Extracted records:
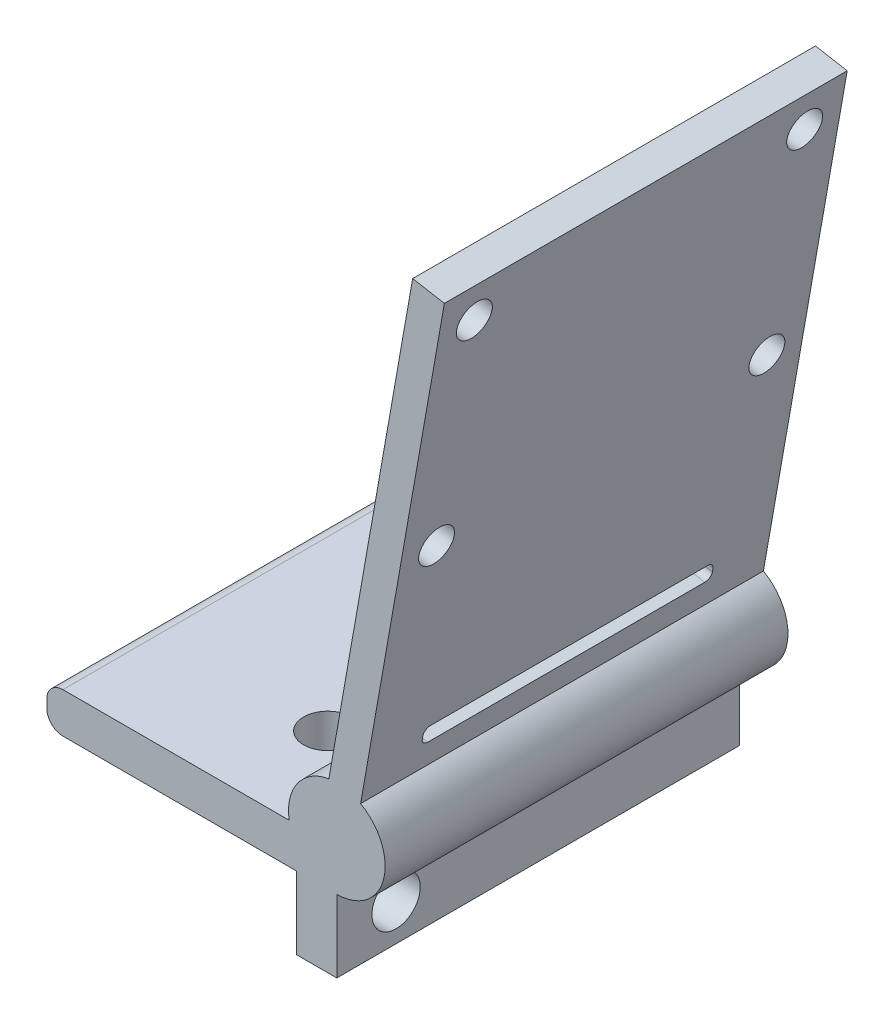
ISO-10303-21;
HEADER;
FILE_DESCRIPTION(('STEP AP214'),'2;1');
FILE_NAME('part.step','',(''),(''),'','','');
FILE_SCHEMA(('AUTOMOTIVE_DESIGN { 1 0 10303 214 1 1 1 1 }'));
ENDSEC;
DATA;
#1=APPLICATION_CONTEXT('core data for automotive mechanical design processes');
#2=APPLICATION_PROTOCOL_DEFINITION('international standard','automotive_design',2000,#1);
#3=PRODUCT_CONTEXT('',#1,'mechanical');
#4=PRODUCT('Part','Part','',(#3));
#5=PRODUCT_RELATED_PRODUCT_CATEGORY('part','',(#4));
#6=PRODUCT_DEFINITION_FORMATION('','',#4);
#7=PRODUCT_DEFINITION_CONTEXT('part definition',#1,'design');
#8=PRODUCT_DEFINITION('design','',#6,#7);
#9=PRODUCT_DEFINITION_SHAPE('','',#8);
#10=(LENGTH_UNIT() NAMED_UNIT(*) SI_UNIT(.MILLI.,.METRE.));
#11=(NAMED_UNIT(*) PLANE_ANGLE_UNIT() SI_UNIT($,.RADIAN.));
#12=(NAMED_UNIT(*) SI_UNIT($,.STERADIAN.) SOLID_ANGLE_UNIT());
#13=UNCERTAINTY_MEASURE_WITH_UNIT(LENGTH_MEASURE(1.E-05),#10,'distance_accuracy_value','');
#14=(GEOMETRIC_REPRESENTATION_CONTEXT(3) GLOBAL_UNCERTAINTY_ASSIGNED_CONTEXT((#13)) GLOBAL_UNIT_ASSIGNED_CONTEXT((#10,
#11,#12)) REPRESENTATION_CONTEXT('',''));
#15=CARTESIAN_POINT('',(0.,0.,0.));
#16=DIRECTION('',(0.,0.,1.));
#17=DIRECTION('',(1.,0.,0.));
#18=AXIS2_PLACEMENT_3D('',#15,#16,#17);
#19=CARTESIAN_POINT('',(-0.984807753012212,0.173648177666927,12.5));
#20=DIRECTION('',(0.984807753012209,-0.173648177666926,0.));
#21=DIRECTION('',(0.173648177666926,0.984807753012209,0.));
#22=AXIS2_PLACEMENT_3D('',#19,#20,#21);
#23=PLANE('',#22);
#24=CARTESIAN_POINT('',(4.31493462938239,30.2299807995996,-10.25));
#25=DIRECTION('',(0.984807753012209,-0.173648177666926,0.));
#26=DIRECTION('',(0.173648177666926,0.984807753012209,0.));
#27=AXIS2_PLACEMENT_3D('',#24,#25,#26);
#28=CIRCLE('',#27,1.1);
#29=CARTESIAN_POINT('',(4.50594762481601,31.313269327913,-10.25));
#30=VERTEX_POINT('',#29);
#31=EDGE_CURVE('E353',#30,#30,#28,.T.);
#32=ORIENTED_EDGE('',*,*,#31,.T.);
#33=EDGE_LOOP('',(#32));
#34=FACE_BOUND('',#33,.T.);
#35=CARTESIAN_POINT('',(1.97068423087889,16.9350761339348,-10.25));
#36=DIRECTION('',(0.984807753012209,-0.173648177666926,0.));
#37=DIRECTION('',(0.173648177666926,0.984807753012209,0.));
#38=AXIS2_PLACEMENT_3D('',#35,#36,#37);
#39=CIRCLE('',#38,1.1);
#40=CARTESIAN_POINT('',(2.16169722631251,18.0183646622482,-10.25));
#41=VERTEX_POINT('',#40);
#42=EDGE_CURVE('E359',#41,#41,#39,.T.);
#43=ORIENTED_EDGE('',*,*,#42,.T.);
#44=EDGE_LOOP('',(#43));
#45=FACE_BOUND('',#44,.T.);
#46=CARTESIAN_POINT('',(1.97068423087889,16.9350761339348,10.25));
#47=DIRECTION('',(0.984807753012209,-0.173648177666926,0.));
#48=DIRECTION('',(0.173648177666926,0.984807753012209,0.));
#49=AXIS2_PLACEMENT_3D('',#46,#47,#48);
#50=CIRCLE('',#49,1.1);
#51=CARTESIAN_POINT('',(2.16169722631251,18.0183646622482,10.25));
#52=VERTEX_POINT('',#51);
#53=EDGE_CURVE('E347',#52,#52,#50,.T.);
#54=ORIENTED_EDGE('',*,*,#53,.T.);
#55=EDGE_LOOP('',(#54));
#56=FACE_BOUND('',#55,.T.);
#57=CARTESIAN_POINT('',(4.31493462938239,30.2299807995996,10.25));
#58=DIRECTION('',(0.984807753012209,-0.173648177666926,0.));
#59=DIRECTION('',(0.173648177666926,0.984807753012209,0.));
#60=AXIS2_PLACEMENT_3D('',#57,#58,#59);
#61=CIRCLE('',#60,1.1);
#62=CARTESIAN_POINT('',(4.50594762481601,31.313269327913,10.25));
#63=VERTEX_POINT('',#62);
#64=EDGE_CURVE('E341',#63,#63,#61,.T.);
#65=ORIENTED_EDGE('',*,*,#64,.T.);
#66=EDGE_LOOP('',(#65));
#67=FACE_BOUND('',#66,.T.);
#68=DIRECTION('',(0.,0.,1.));
#69=VECTOR('',#68,1.);
#70=CARTESIAN_POINT('',(-0.0595360929690105,5.42112452147752,8.6));
#71=LINE('',#70,#69);
#72=CARTESIAN_POINT('',(-0.0595360929690105,5.42112452147752,-8.59999999999999));
#73=VERTEX_POINT('',#72);
#74=CARTESIAN_POINT('',(-0.0595360929690105,5.42112452147752,8.6));
#75=VERTEX_POINT('',#74);
#76=EDGE_CURVE('E254',#73,#75,#71,.T.);
#77=ORIENTED_EDGE('',*,*,#76,.T.);
#78=CARTESIAN_POINT('',(-0.128995364035781,5.02720142027264,8.6));
#79=DIRECTION('',(0.984807753012209,-0.173648177666926,0.));
#80=DIRECTION('',(0.173648177666926,0.984807753012209,0.));
#81=AXIS2_PLACEMENT_3D('',#78,#79,#80);
#82=CIRCLE('',#81,0.4);
#83=CARTESIAN_POINT('',(-0.128995364035782,5.02720142027264,9.));
#84=VERTEX_POINT('',#83);
#85=EDGE_CURVE('E268',#75,#84,#82,.T.);
#86=ORIENTED_EDGE('',*,*,#85,.T.);
#87=DIRECTION('',(-0.173648177666926,-0.984807753012209,0.));
#88=VECTOR('',#87,1.);
#89=CARTESIAN_POINT('',(-0.163724999569166,4.8302398696702,9.));
#90=LINE('',#89,#88);
#91=CARTESIAN_POINT('',(-0.163724999569166,4.83023986967024,9.));
#92=VERTEX_POINT('',#91);
#93=EDGE_CURVE('E305',#84,#92,#90,.T.);
#94=ORIENTED_EDGE('',*,*,#93,.T.);
#95=CARTESIAN_POINT('',(-0.163724999569166,4.8302398696702,8.6));
#96=DIRECTION('',(0.984807753012209,-0.173648177666926,0.));
#97=DIRECTION('',(-0.173648177666926,-0.984807753012209,0.));
#98=AXIS2_PLACEMENT_3D('',#95,#96,#97);
#99=CIRCLE('',#98,0.4);
#100=CARTESIAN_POINT('',(-0.233184270635937,4.43631676846532,8.6));
#101=VERTEX_POINT('',#100);
#102=EDGE_CURVE('E57',#92,#101,#99,.T.);
#103=ORIENTED_EDGE('',*,*,#102,.T.);
#104=DIRECTION('',(0.,0.,-1.));
#105=VECTOR('',#104,1.);
#106=CARTESIAN_POINT('',(-0.233184270635937,4.43631676846532,8.6));
#107=LINE('',#106,#105);
#108=CARTESIAN_POINT('',(-0.233184270635937,4.43631676846532,-8.6));
#109=VERTEX_POINT('',#108);
#110=EDGE_CURVE('E301',#101,#109,#107,.T.);
#111=ORIENTED_EDGE('',*,*,#110,.T.);
#112=CARTESIAN_POINT('',(-0.163724999569166,4.8302398696702,-8.6));
#113=DIRECTION('',(0.984807753012209,-0.173648177666926,0.));
#114=DIRECTION('',(-0.173648177666926,-0.984807753012209,0.));
#115=AXIS2_PLACEMENT_3D('',#112,#113,#114);
#116=CIRCLE('',#115,0.4);
#117=CARTESIAN_POINT('',(-0.163724999569166,4.8302398696702,-9.));
#118=VERTEX_POINT('',#117);
#119=EDGE_CURVE('E298',#109,#118,#116,.T.);
#120=ORIENTED_EDGE('',*,*,#119,.T.);
#121=DIRECTION('',(0.173648177666926,0.984807753012209,0.));
#122=VECTOR('',#121,1.);
#123=CARTESIAN_POINT('',(-0.163724999569166,4.8302398696702,-9.));
#124=LINE('',#123,#122);
#125=CARTESIAN_POINT('',(-0.128995364035781,5.02720142027264,-9.));
#126=VERTEX_POINT('',#125);
#127=EDGE_CURVE('E295',#118,#126,#124,.T.);
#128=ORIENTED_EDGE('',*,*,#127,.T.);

Task
Across the records above, tally the lines that contain "mechanical" and return the number alone.

Answer to this task
2